- Disease: COVID-19
- Pathogen: SARS-CoV-2
- Location: Tokelau
- First outbreak: Wuhan, China
- Index case: Atafu
- Arrival date: 20 December 2022
- Confirmed cases: 80
- Deaths: 0
- Fatality rate: 0%
- Vaccinations: 2,203 (fully vaccinated)

= COVID-19 pandemic in Tokelau =

The COVID-19 pandemic in Tokelau was part of the worldwide pandemic of coronavirus disease 2019 (COVID-19) caused by severe acute respiratory syndrome coronavirus 2 (SARS-CoV-2). Tokelau reported its first confirmed cases on 20 December 2022. COVID-19 reached all three of Tokelau's main atolls in July 2023, when the government confirmed the community spread of the virus on Fakaofo, the last atoll without infections.

== Background ==
On 12 January 2020, the World Health Organization (WHO) confirmed that a novel coronavirus was the cause of a respiratory illness in a cluster of people in Wuhan, Hubei Province, China, which was reported to the WHO on 31 December 2019.

The case fatality ratio for COVID-19 has been much lower than SARS of 2003, but the transmission has been significantly greater, with a significant total death toll.

Tokelau consists of three atolls Atafu, Fakaofo and Nukunonu, with a total population of less than 2,000. New Zealand assumed control of the Tokelau Islands from the United Kingdom in 1926, and incorporated them into New Zealand's territorial boundaries in 1948. Two referendums were held in 2006 and 2007 to upgrade the territory's status to a free associated state similar to the Cook Islands and Niue, which are associated states connected to New Zealand. However, both referendums failed to achieve the two-thirds majority need to advance to free association and Tokelau remains a dependent territory. Tokelau is governed by a legislative body known as the General Fono with each of the three atolls having a taupulega (village councils). The New Zealand Government provides "broad but distant oversight" over the dependency.

==Timeline==
On 20 December 2022, Tokelau reported its first five cases of COVID-19 at the border of its northernmost atoll of Atafu.

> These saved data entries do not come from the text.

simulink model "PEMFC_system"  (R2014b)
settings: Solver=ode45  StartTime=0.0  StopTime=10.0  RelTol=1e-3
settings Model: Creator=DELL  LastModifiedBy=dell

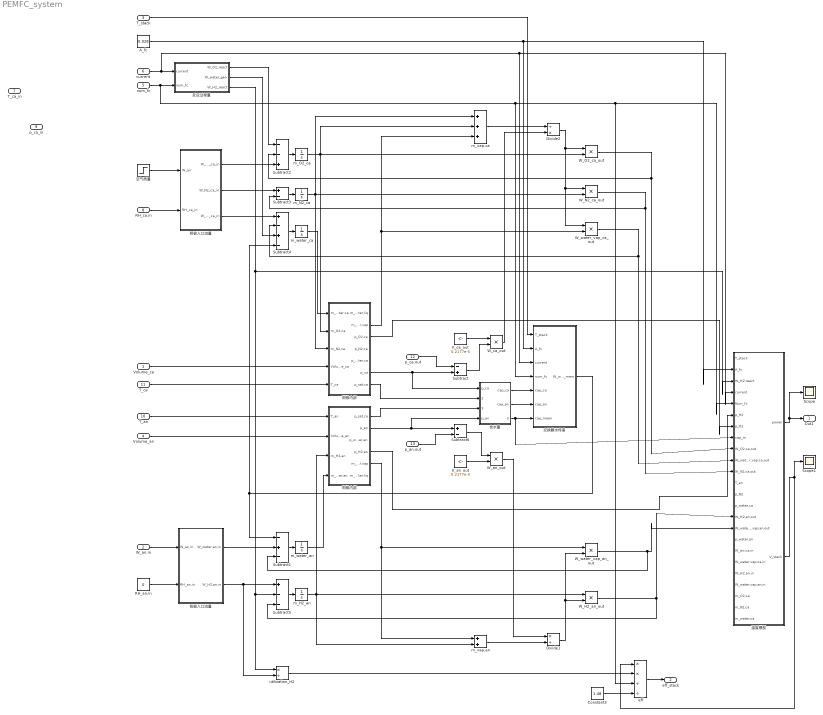
== system PEMFC_system ==
  Volume_ca : Inport
  W_an,in : Inport  Port=2
  T_stack : Inport  Port=3
  Volume_an : Inport  Port=4
  num_fc : Inport  Port=5
  current : Inport  Port=6
  T_ca_in : Inport  Port=7
  RH_ca,in : Inport  Port=8
  p_ca_in : Inport  Port=9
  T_an : Inport  Port=10
  T_ca : Inport  Port=11
  p_ca,out : Inport  Port=12
  p_an,out : Inport  Port=13
  A_fc : Constant  Value=0.028
  Constant3 : Constant  Value=1.48
  Divide1 : Product  Inputs=*/
  Divide2 : Product  Inputs=/*
  K_an_out : Constant  Value=0.2177e-5
  K_ca_out : Constant  Value=0.2177e-5
  RH_an,in : Constant  Value=0
  Scope : Scope
  Scope1 : Scope
  Subtract : Sum  Inputs=-+
  Subtract1 : Sum  Inputs=-+-
  Subtract2 : Sum  Inputs=--+
  Subtract3 : Sum  Inputs=+-
  Subtract4 : Sum  Inputs=+-+-
  Subtract5 : Sum  Inputs=+--
  Subtract6 : Sum  Inputs=+-
  W_H2_an_out : Product
  W_N2_ca_out : Product
  W_O2_ca_out : Product
  W_an_out : Product
  W_ca_out : Product
  W_water_vap_an_out : Product
  W_water_vap_ca_out : Product
  eff : Product  Inputs=**//
  m_H2_an : Integrator
  m_N2_ca : Integrator
  m_O2_ca : Integrator
  m_vap,an : Sum
  m_vap,ca : Sum  Inputs=+++
  m_water_an : Integrator
  m_water_ca : Integrator
  utilization_H2 : Product  Inputs=*/
  交换膜水传递 : Subsystem  TreatAsAtomicUnit=on
  反应过程量 : Subsystem
  含水量 : Subsystem
  温度模型 : Subsystem
  空气质量 : Step  SampleTime=0
  阳极入口流量 : Subsystem
  阳极内部 : Subsystem
  阴极入口流量 : Subsystem  TreatAsAtomicUnit=on
  阴极内部 : Subsystem
  Out1 : Outport
  eff_stack : Outport  Port=2
  wires:
  温度模型/1(power) -> Scope/1, Out1/1
  温度模型/2(V_stack) -> Scope1/1, eff/1
  current/1 -> 温度模型/4(current), 交换膜水传递/3(current), 反应过程量/1(current)
  Volume_ca/1 -> 阴极内部/4(Volume_ca)
  阴极内部/6(p_ca) -> 含水量/1(p_ca), Subtract/2
  Subtract/1 -> W_ca_out/2
  K_ca_out/1 -> W_ca_out/1
  阴极入口流量/1(W_O2_ca_in) -> Subtract2/3
  反应过程量/3(W_H2_react) -> utilization_H2/1, Subtract5/2, 温度模型/3(W_H2,react)
  反应过程量/1(W_O2_react) -> Subtract2/1
  Subtract2/1 -> m_O2_ca/1
  阴极入口流量/2(W_N2_ca_in) -> Subtract3/1
  Subtract3/1 -> m_N2_ca/1
  阴极入口流量/3(W_water_ca_in) -> Subtract4/1
  Subtract4/1 -> m_water_ca/1
  反应过程量/2(W_water_gen) -> Subtract4/3
  m_O2_ca/1 -> W_O2_ca_out/2, m_vap,ca/2, 阴极内部/2(m_O2,ca)
  m_N2_ca/1 -> W_N2_ca_out/2, m_vap,ca/1, 阴极内部/3(m_N2,ca)
  T_stack/1 -> 交换膜水传递/1(T_stack)
  阴极内部/2(m_water,vap) -> W_water_vap_ca_out/2, m_vap,ca/3
  m_water_ca/1 -> 阴极内部/1(m_water,ca)
  m_vap,ca/1 -> Divide2/1
  W_ca_out/1 -> Divide2/2
  Divide2/1 -> W_water_vap_ca_out/1, W_N2_ca_out/1, W_O2_ca_out/1
  W_O2_ca_out/1 -> 温度模型/9(W_O2,ca,out), Subtract2/2
  W_N2_ca_out/1 -> 温度模型/11(W_N2,ca,out), Subtract3/2
  W_water_vap_ca_out/1 -> Subtract4/2, 温度模型/10(W_water,vap,ca,out)
  交换膜水传递/1(W_water_mem) -> Subtract1/1, Subtract4/4
  W_an,in/1 -> 阳极入口流量/1(W_an,in)
  RH_an,in/1 -> 阳极入口流量/2(RH_an,in)
  阳极入口流量/2(W_H2,an,in) -> utilization_H2/2, Subtract5/1
  Subtract5/1 -> m_H2_an/1
  Subtract1/1 -> m_water_an/1
  阳极内部/4(p_H2,an) -> 温度模型/6(p_H2)
  Volume_an/1 -> 阳极内部/2(Volume_an)
  Subtract6/1 -> W_an_out/1
  K_an_out/1 -> W_an_out/2
  阳极内部/5(m_water,vap) -> W_water_vap_an_out/1, m_vap,an/1
  m_H2_an/1 -> W_H2_an_out/1, m_vap,an/2, 阳极内部/3(m_H2,an)
  W_an_out/1 -> Divide1/1
  m_vap,an/1 -> Divide1/2
  m_water_an/1 -> 阳极内部/4(m_water,an)
  Divide1/1 -> W_water_vap_an_out/2, W_H2_an_out/2
  阳极入口流量/1(W_water,an,in) -> Subtract1/2
  W_water_vap_an_out/1 -> 温度模型/16(W_water,vap,an,out), Subtract1/3
  W_H2_an_out/1 -> Subtract5/3, 温度模型/15(W_H2,an,out)
  阳极内部/2(p_an) -> Subtract6/1, 含水量/4(p_an)
  含水量/3(cap_mean) -> 交换膜水传递/7(cap_mean), 温度模型/8(cap_m)
  含水量/1(cap_ca) -> 交换膜水传递/5(cap_ca)
  含水量/2(cap_an) -> 交换膜水传递/6(cap_an)
  A_fc/1 -> 温度模型/2(A_fc), 交换膜水传递/2(A_fc)
  utilization_H2/1 -> eff/2
  num_fc/1 -> 反应过程量/2(num_fc), 交换膜水传递/4(num_fc), 温度模型/5(Num_fc), eff/3
  Constant3/1 -> eff/4
  eff/1 -> eff_stack/1
  空气质量/1 -> 阴极入口流量/1(W_air)
  阴极内部/3(p_O2,ca) -> 温度模型/7(p_O2)
  RH_ca,in/1 -> 阴极入口流量/2(RH_ca_in)
  T_an/1 -> 阳极内部/1(T_an)
  T_ca/1 -> 阴极内部/5(T_ca)
  阴极内部/7(p_sat,ca) -> 含水量/2(p_sat,ca)
  阳极内部/1(p_sat,ca) -> 含水量/3(p_sat,an)
  p_ca,out/1 -> Subtract/1
  p_an,out/1 -> Subtract6/2

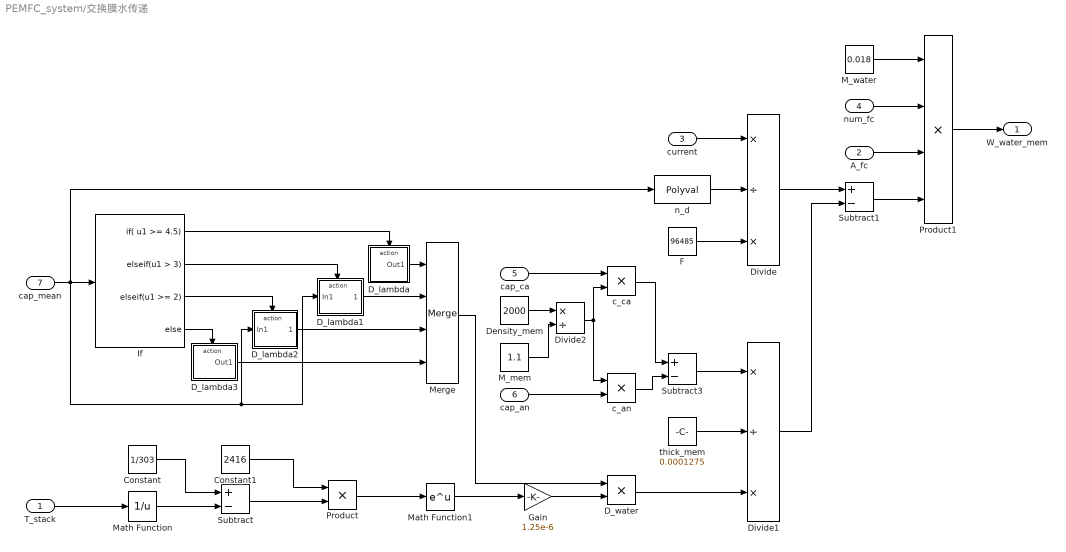
== system PEMFC_system/交换膜水传递 ==
  T_stack : Inport
  A_fc : Inport  Port=2
  current : Inport  Port=3
  num_fc : Inport  Port=4
  cap_ca : Inport  Port=5
  cap_an : Inport  Port=6
  cap_mean : Inport  Port=7
  Constant : Constant  Value=1/303
  Constant1 : Constant  Value=2416
  D_lambda : Subsystem  TreatAsAtomicUnit=on
  D_lambda1 : Subsystem  TreatAsAtomicUnit=on
  D_lambda2 : Subsystem  TreatAsAtomicUnit=on
  D_lambda3 : Subsystem  TreatAsAtomicUnit=on
  D_water : Product
  Density_mem : Constant  Value=2000
  Divide : Product  Inputs=*/*
  Divide1 : Product  Inputs=*/*
  Divide2 : Product  Inputs=*/
  F : Constant  Value=96485
  Gain : Gain  Gain=1.25e-6
  If : If  IfExpression=u1 >= 4.5  ElseIfExpressions=u1 > 3,u1 >= 2  ZeroCross=off
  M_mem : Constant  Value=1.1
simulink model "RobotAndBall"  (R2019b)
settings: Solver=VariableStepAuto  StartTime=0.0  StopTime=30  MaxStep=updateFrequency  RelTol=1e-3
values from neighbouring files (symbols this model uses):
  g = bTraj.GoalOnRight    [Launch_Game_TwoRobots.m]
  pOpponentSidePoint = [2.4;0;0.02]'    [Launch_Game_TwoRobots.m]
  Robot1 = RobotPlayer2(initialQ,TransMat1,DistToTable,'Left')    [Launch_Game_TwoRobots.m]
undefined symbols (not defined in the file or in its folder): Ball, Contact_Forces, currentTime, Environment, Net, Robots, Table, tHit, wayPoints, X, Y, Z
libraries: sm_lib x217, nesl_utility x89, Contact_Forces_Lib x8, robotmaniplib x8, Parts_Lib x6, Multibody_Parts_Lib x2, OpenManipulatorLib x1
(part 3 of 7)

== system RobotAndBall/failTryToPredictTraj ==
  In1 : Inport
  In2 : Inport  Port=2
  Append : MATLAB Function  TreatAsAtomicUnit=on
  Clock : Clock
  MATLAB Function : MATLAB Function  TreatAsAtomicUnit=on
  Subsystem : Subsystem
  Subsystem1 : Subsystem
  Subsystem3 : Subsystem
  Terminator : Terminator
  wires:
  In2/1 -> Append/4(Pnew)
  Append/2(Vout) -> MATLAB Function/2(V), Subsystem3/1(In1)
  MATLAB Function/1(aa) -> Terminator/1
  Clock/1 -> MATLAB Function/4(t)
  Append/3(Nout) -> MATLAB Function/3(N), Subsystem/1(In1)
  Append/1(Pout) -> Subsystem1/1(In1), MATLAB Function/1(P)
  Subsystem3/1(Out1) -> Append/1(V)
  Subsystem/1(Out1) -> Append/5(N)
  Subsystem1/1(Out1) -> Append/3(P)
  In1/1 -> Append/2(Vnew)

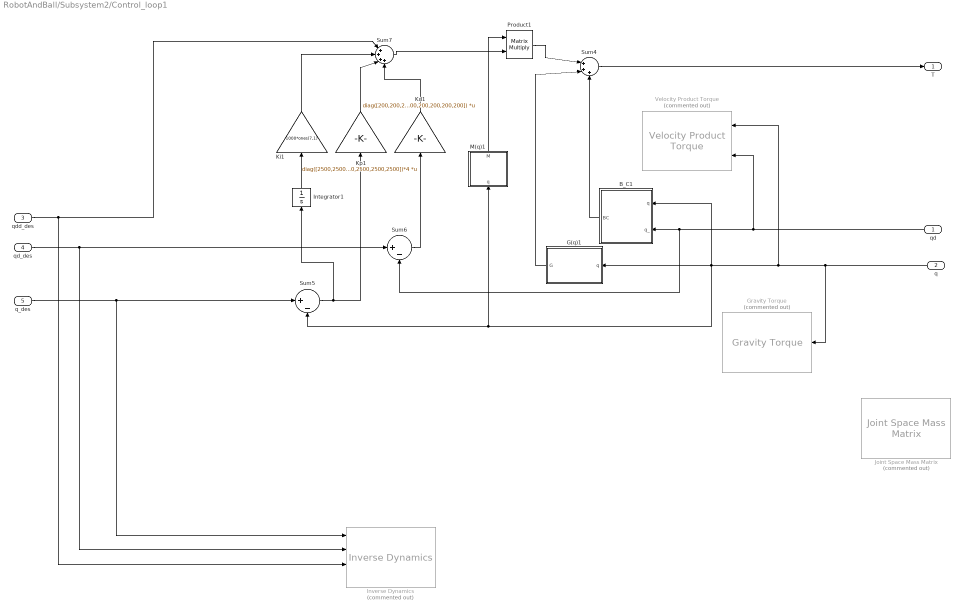
== system RobotAndBall/Subsystem2/Control_loop1 ==
  qd : Inport
  q : Inport  Port=2
  qdd_des : Inport  Port=3
  qd_des : Inport  Port=4
  q_des : Inport  Port=5
  " M(q)1" : MATLAB Function  TreatAsAtomicUnit=on
  B_C1 : MATLAB Function  TreatAsAtomicUnit=on
  G(q)1 : MATLAB Function  TreatAsAtomicUnit=on
  Gravity Torque : robotmaniplib/Gravity Torque  Commented=on  RigidBodyTree=Robot1.RobotModel  SimulateUsing=Code generation
      settings: SourceProductName=Robotics System Toolbox
  Integrator1 : Integrator
  Inverse Dynamics : robotmaniplib/Inverse Dynamics  Commented=on  RigidBodyTree=Robot1.RobotModel  SimulateUsing=Code generation
      settings: SourceProductName=Robotics System Toolbox  SourceProductBaseCode=RO
  Joint Space Mass Matrix : robotmaniplib/Joint Space Mass Matrix  Commented=on  RigidBodyTree=twoJointRigidBodyTree  SimulateUsing=Interpreted execution
      settings: SourceProductName=Robotics System Toolbox
  Kd1 : Gain  Gain=diag([200,200,200,200,200,200,200])  Multiplication=Matrix(K*u) (u vector)
  Ki1 : Gain  Gain=1000*ones(7,1)
  Kp1 : Gain  Gain=diag([2500,2500,2500,2500,2500,2500,2500])*4  Multiplication=Matrix(K*u) (u vector)
  Product1 : Product  Multiplication=Matrix(*)
  Sum4 : Sum  Inputs=|+++
  Sum5 : Sum  Inputs=|+-
  Sum6 : Sum  Inputs=|+-
  Sum7 : Sum  Inputs=|++++
  Velocity Product Torque : robotmaniplib/Velocity Product Torque  Commented=on  RigidBodyTree=Robot1.RobotModel  SimulateUsing=Code generation
      settings: SourceProductName=Robotics System Toolbox  SourceProductBaseCode=RO
  T : Outport
  wires:
  Sum7/1 -> Product1/2
  Kd1/1 -> Sum7/4
  q/1 -> G(q)1/1(q), B_C1/1(q), " M(q)1"/1(q), Sum5/2, Velocity Product Torque/1, Gravity Torque/1
  Sum5/1 -> Kp1/1, Integrator1/1
  Sum6/1 -> Kd1/1
  Ki1/1 -> Sum7/2
  Kp1/1 -> Sum7/3
  " M(q)1"/1(M) -> Product1/1
  Product1/1 -> Sum4/1
  qd_des/1 -> Inverse Dynamics/2, Sum6/1
  Integrator1/1 -> Ki1/1
  qd/1 -> Velocity Product Torque/2, B_C1/2(q_), Sum6/2
  qdd_des/1 -> Inverse Dynamics/3, Sum7/1
  q_des/1 -> Inverse Dynamics/1, Sum5/1
  Sum4/1 -> T/1
  B_C1/1(BC) -> Sum4/3
  G(q)1/1(G) -> Sum4/2

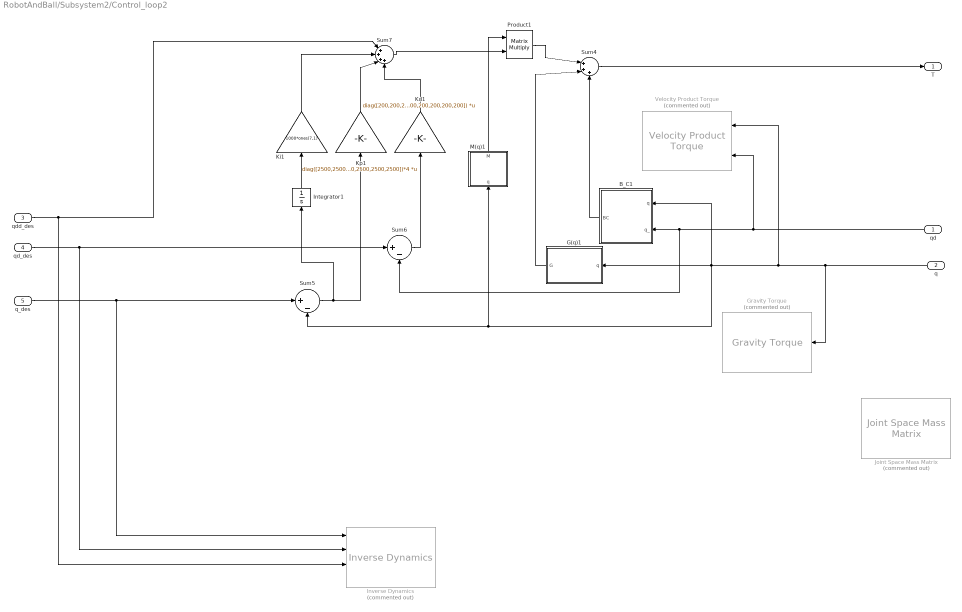
== system RobotAndBall/Subsystem2/Control_loop2 ==
  qd : Inport
  q : Inport  Port=2
  qdd_des : Inport  Port=3
  qd_des : Inport  Port=4
  q_des : Inport  Port=5
  " M(q)1" : MATLAB Function  TreatAsAtomicUnit=on
  B_C1 : MATLAB Function  TreatAsAtomicUnit=on
  G(q)1 : MATLAB Function  TreatAsAtomicUnit=on
  Gravity Torque : robotmaniplib/Gravity Torque  Commented=on  RigidBodyTree=Robot1.RobotModel  SimulateUsing=Code generation
      settings: SourceProductName=Robotics System Toolbox
  Integrator1 : Integrator
  Inverse Dynamics : robotmaniplib/Inverse Dynamics  Commented=on  RigidBodyTree=Robot1.RobotModel  SimulateUsing=Code generation
      settings: SourceProductName=Robotics System Toolbox  SourceProductBaseCode=RO
  Joint Space Mass Matrix : robotmaniplib/Joint Space Mass Matrix  Commented=on  RigidBodyTree=twoJointRigidBodyTree  SimulateUsing=Interpreted execution
      settings: SourceProductName=Robotics System Toolbox
  Kd1 : Gain  Gain=diag([200,200,200,200,200,200,200])  Multiplication=Matrix(K*u) (u vector)
  Ki1 : Gain  Gain=1000*ones(7,1)
  Kp1 : Gain  Gain=diag([2500,2500,2500,2500,2500,2500,2500])*4  Multiplication=Matrix(K*u) (u vector)
  Product1 : Product  Multiplication=Matrix(*)
  Sum4 : Sum  Inputs=|+++
  Sum5 : Sum  Inputs=|+-
  Sum6 : Sum  Inputs=|+-
  Sum7 : Sum  Inputs=|++++
  Velocity Product Torque : robotmaniplib/Velocity Product Torque  Commented=on  RigidBodyTree=Robot1.RobotModel  SimulateUsing=Code generation
      settings: SourceProductName=Robotics System Toolbox  SourceProductBaseCode=RO
  T : Outport
  wires:
  Sum7/1 -> Product1/2
  Kd1/1 -> Sum7/4
  q/1 -> G(q)1/1(q), B_C1/1(q), " M(q)1"/1(q), Sum5/2, Velocity Product Torque/1, Gravity Torque/1
  Sum5/1 -> Kp1/1, Integrator1/1
  Sum6/1 -> Kd1/1
  Ki1/1 -> Sum7/2
  Kp1/1 -> Sum7/3
  " M(q)1"/1(M) -> Product1/1
  Product1/1 -> Sum4/1
  qd_des/1 -> Inverse Dynamics/2, Sum6/1
  Integrator1/1 -> Ki1/1
  qd/1 -> Velocity Product Torque/2, B_C1/2(q_), Sum6/2
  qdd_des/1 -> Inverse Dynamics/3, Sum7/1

On 22 May 2023, Tokelau reported its first community case on Nukunonu, the dependency's largest atoll. In response, local authorities imposed a lockdown. By 26 May, Tokelau had reported a total of four community cases. By 29 May, Tokelau had reported a total of two border cases and six community cases. Nukunonu ended its lockdown period.

By 20 July, Tokelau had reported 50 community cases in all of Tokelau's three atolls. Kelihiano Kalolo, the Head of the Government of Tokelau, confirmed the territory's first community outbreak in the Fakaofo atoll. In addition, an entire village was tested after a man who visited Fanuafala hospital tested positive for COVID-19.

==Responses==
On 21 March 2023, Stuff reported that Tokelau was still closing its borders three years after the COVID-19 pandemic began in March 2020. Under the dependency's border policies, only New Zealand citizens (Tokelauans are considered New Zealanders) and a limited number of essential workers, who have to apply for exemption, are allowed to enter Tokelau. All travellers are required to undergo a seven-day quarantine. Tokelau Covid-19 response chairman Aukusitino Vitale justified Tokelau's border restrictions, citing the limited capabity of the dependency's health infrastructure, health work force, and small population.

==COVID-19 vaccination efforts==
On 19 July 2021, the Royal New Zealand Navy warship HMNZS Wellington delivered 120 vials of the Pfizer–BioNTech COVID-19 vaccine to Tokelau's Nukunonu atoll, which is sufficient to vaccinate 720 people. Tokelau's population was 1,499 according to the 2016 Census. By 2 August 2022, Tokelau had reported to the WHO that 998 vaccine doses had been administered.